This post may be a bit of mathematical overkill applied to a simple idea. I'll start with the basic concept, and then run off into mathland to eventually arrive at some possible game system.
Does rep decay over time? I couldn't find it in the rules but it would make a lot of sense in real world terms. Also, otherwise old people would have much more rep than young people simply by having accumulated it. So it would make sense to have rep drop if a character was not interacting with a network.
Conversely, how much rep can you get by doing ordinary work? A character in my game with 0 @-rep who arrived at Phelan's Recourse immediately logged onto the local equivalent to the Mechanical Turk and started doing trivial favors, earning some rep. What rep would he end up with if he kept this up indefinitely?
A simple model is to assume that rep decays with a constant rate 1/T (where T is the time constant, the time it takes for it to go down to 37%), and you do a favour that increases your rep with R L times a day. In the time between favors your rep declines exponentially as r(t) = r0 exp(-t/T) where r0 is your initial rep. In a steady state situation at time 1/L you finish your latest favor and get R rep, balancing the decline from the last favor: r0 exp(-1/LT) + R = r0, which gives us an equilibrium rep of r0 = R / (1-exp(-1/LT)). An approximation (valid if LT is big) is r0 ~= RLT. That is, your equilibrium rep is proportional to the sizes of your services, how often you do them and how slowly they are forgotten.
This makes sense (and might even be taken as pretty obvious). However, should you do a few big services or many small ones? Looking at the time it takes to do a service it seems to grow exponentially with the level. That makes the rate L you can perform the service decrease exponentially with favour size. So unless either the reputation reward R or the time constant increases exponentially with the level of the favour, the road to rep-riches is to do trivial things a lot. This is unlikely to work. Having exponential rewards works, but there is something strange with the idea that people will remember me saving the planet about as long as they remember that I opened the door for them. Instead (again, perhaps obviously) large favours should be remembered longer than small ones (they should have larger T).
How long should we remember big favours? The time it takes to do them and their refresh rate both are approximately exponential, and if the time constant is proportional to one of them we get a nicely balanced situation. Now small and big favours contribute about equally: if I do trivial favours all the time or if I build a habitat every few months, in both cases I end up with roughly the same equilibrium reputation. The only difference is due to how rapidly R increases with the favor level.

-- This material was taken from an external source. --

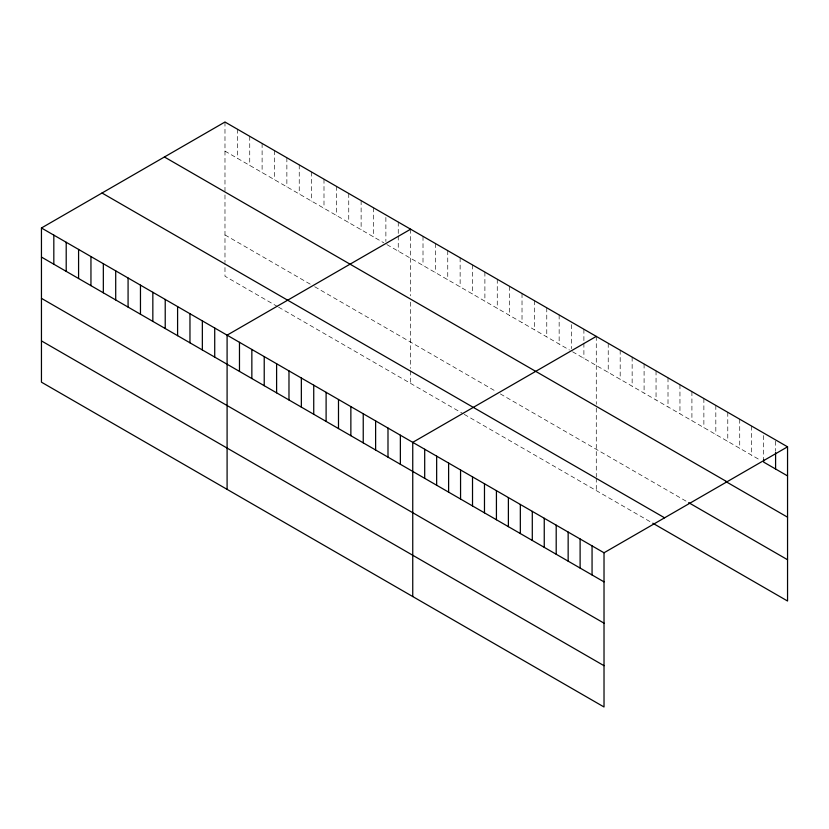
<?xml version="1.0" encoding="UTF-8"?>
<svg xmlns="http://www.w3.org/2000/svg" width="829" height="829" viewBox="0 0 829 829"><rect width="100%" height="100%" fill="white"/><g stroke="black" fill="none" stroke-linecap="round" stroke-linejoin="round"><path stroke-width="0.62" stroke-dasharray="4.14 3.11" d="M224.98 151.116L383.817 242.814M386.905 244.596L569.461 349.993M572.559 351.786L760.38 460.219M224.98 234.939L311.621 284.958M314.709 286.741L496.229 391.547M500.353 393.92L687.562 502.011M277.58 306.595L224.98 276.223L224.98 263.715M278.617 307.186L463.224 413.775M464.261 414.365L651.698 522.591M775.592 441.183L775.592 451.297M763.644 435.546L763.644 459.577M751.685 426.116L751.685 455.204M739.727 419.205L739.727 448.302M727.779 412.303L727.779 441.401M715.821 405.402L715.821 434.5M703.873 398.5L703.873 427.598M691.914 391.599L691.914 420.697M679.956 384.697L679.956 413.795M668.008 377.796L668.008 406.894M656.05 370.895L656.05 399.992M644.092 363.993L644.092 393.091M632.144 357.092L632.144 386.179M620.185 350.19L620.185 379.278M608.227 343.289L608.227 372.376M596.279 336.387L596.279 404.262M596.279 408.055L596.279 476.83M596.279 478.074L596.279 490.592M583.896 329.237L583.896 341.89M583.896 343.154L583.896 358.335M571.523 324.626L571.523 348.657M559.15 314.947L559.15 344.045M546.767 307.808L546.767 336.895M534.394 300.658L534.394 329.755M522.021 293.518L522.021 322.605M509.638 286.368L509.638 315.455M497.265 279.218L497.265 308.315M484.892 272.078L484.892 301.165M472.509 264.928L472.509 294.026M460.136 257.788L460.136 286.875M447.753 250.638L447.753 279.736M435.38 243.498L435.38 272.586M423.008 236.348L423.008 265.446M410.624 229.208L410.624 295.829M410.624 302.16L410.624 368.387M410.624 370.895L410.624 383.402M398.252 222.058L398.252 234.711M398.252 235.975L398.252 251.146M385.879 217.447L385.879 241.477M373.496 207.768L373.496 236.856M361.123 200.618L361.123 229.716M348.75 193.478L348.75 222.566M336.367 186.328L336.367 215.426M323.994 179.188L323.994 208.276M311.621 172.038L311.621 201.136M299.238 164.898L299.238 193.986M286.865 157.748L286.865 186.836M274.482 150.598L274.482 179.696M262.109 143.458L262.109 172.546M249.736 136.308L249.736 165.406M237.353 129.169L237.353 158.256M224.98 122.018L224.98 191.147M224.98 194.981L224.98 262.461"/><path stroke-width="1.24" d="M41.45 227.985L604.02 552.777L604.02 706.982L41.45 382.179L41.45 227.985L224.98 122.018L787.55 446.821L787.55 601.015L652.786 523.213M410.624 229.208L227.094 335.165L227.094 489.369M596.279 336.387L412.749 442.344L412.749 596.548M604.02 552.777L787.55 446.821M787.55 475.908L763.644 462.105L763.644 459.577M164.411 156.992L726.981 481.784M725.603 481.431L787.55 517.192M688.65 502.633L787.55 559.73M102.019 193.012L664.589 517.814M41.45 257.073L604.02 581.865M41.45 298.357L604.02 623.159M41.45 340.895L604.02 665.697M775.592 452.561L775.592 469.007M592.061 545.876L592.061 574.963M580.113 538.974L580.113 568.062M568.155 532.073L568.155 561.16M556.197 525.171L556.197 554.259M544.249 518.27L544.249 547.358M532.291 511.369L532.291 540.456M520.332 504.467L520.332 533.555M508.384 497.566L508.384 526.653M496.426 490.664L496.426 519.752M484.478 483.763L484.478 512.85M472.52 476.862L472.52 505.949M460.561 469.95L460.561 499.048M448.613 463.048L448.613 492.146M436.655 456.147L436.655 485.245M424.697 449.245L424.697 478.343M400.366 435.204L400.366 464.292M387.993 428.054L387.993 457.152M375.62 420.914L375.62 450.002M363.237 413.764L363.237 442.852M350.864 406.624L350.864 435.712M338.491 399.474L338.491 428.562M326.108 392.324L326.108 421.422M313.735 385.184L313.735 414.272M301.352 378.034L301.352 407.132M288.979 370.895L288.979 399.982M276.606 363.744L276.606 392.842M264.223 356.605L264.223 385.692M251.85 349.455L251.85 378.542M239.477 342.315L239.477 371.402M214.721 328.015L214.721 357.112M202.349 320.875L202.349 349.962M189.965 313.725L189.965 342.823M177.593 306.585L177.593 335.672M165.22 299.435L165.22 328.533M152.837 292.295L152.837 321.383M140.464 285.145L140.464 314.232M128.08 278.005L128.08 307.093M115.708 270.855L115.708 299.943M103.335 263.705L103.335 292.803M90.952 256.565L90.952 285.653M78.579 249.415L78.579 278.513M66.206 242.275L66.206 271.363M53.823 235.125L53.823 264.223"/></g></svg>

The rules in the rez section suggest a simple linear increase. This at first did not make sense to me: the player characters had saved the Saturn system from a seed AI, and they just got 8 rep points?! But this is actually pretty balanced. If reputation from big services decays more slowly than trivial services, its real value lies in its *stability* rather than how much it pushes your rep upwards. The trivial favours guy will lose all his stored rep if he ever lets up, while the system-saver can relax and look for other interesting things to do. A rep system that also awards enormous rep to high-level favours would create a nearly immobile "upper class" of people who have done something very good.
I have done various simulations of characters doing various mixtures of small and big favours, and the linear reward seems to have several nice properties: it is flexible (high rep people that stop doing things will eventually lose rep), it is fairly egalitarian (no gaps between classes of people) and there are rewards of doing big and meaningful things. I haven't thrown the maths at it, but no doubt a financial mathematician could have fun with a bit of stochastic differential equations and portfolio theory here. The lunar banks definitely do, and rake in profits from it.
Obviously it is not possible to run this kind of detail in the game itself (my players draw the line at differential equations as part of the house rules - yes, it is true!). So getting back to actual game system, it seems that one could have a decay rate of rep based on its level. If a character is not doing anything with a network their rep there should drop by 1 per (refresh time) x 3 or so. However, this might make very low reps rather unstable (blink, there went your 10 points in e-rep!). So maybe a gameplay compromise would be to have a lower decay rate of 1 point per month or so.
Perhaps one could even "park" one's rep by contacting a reputation manager who slows the decay by maintaining people's memories of past services.
I guess the moral is that the rep score hides an *enormous* complexity. EP rep is like PageRank, academic citation indices, Slashdot Karma points, mathematical finance and IOUs rolled into one, maintained by an infrastructure that has evolved over decades under the watchful eyes of experts, activists and gamblers. One should not take the actual number as anything but game mechanics (although there are no doubt many ways of visualizing rep scores elegantly or succinctly). But as this little essay shows, by tuning the system differently you can produce very different social outcomes.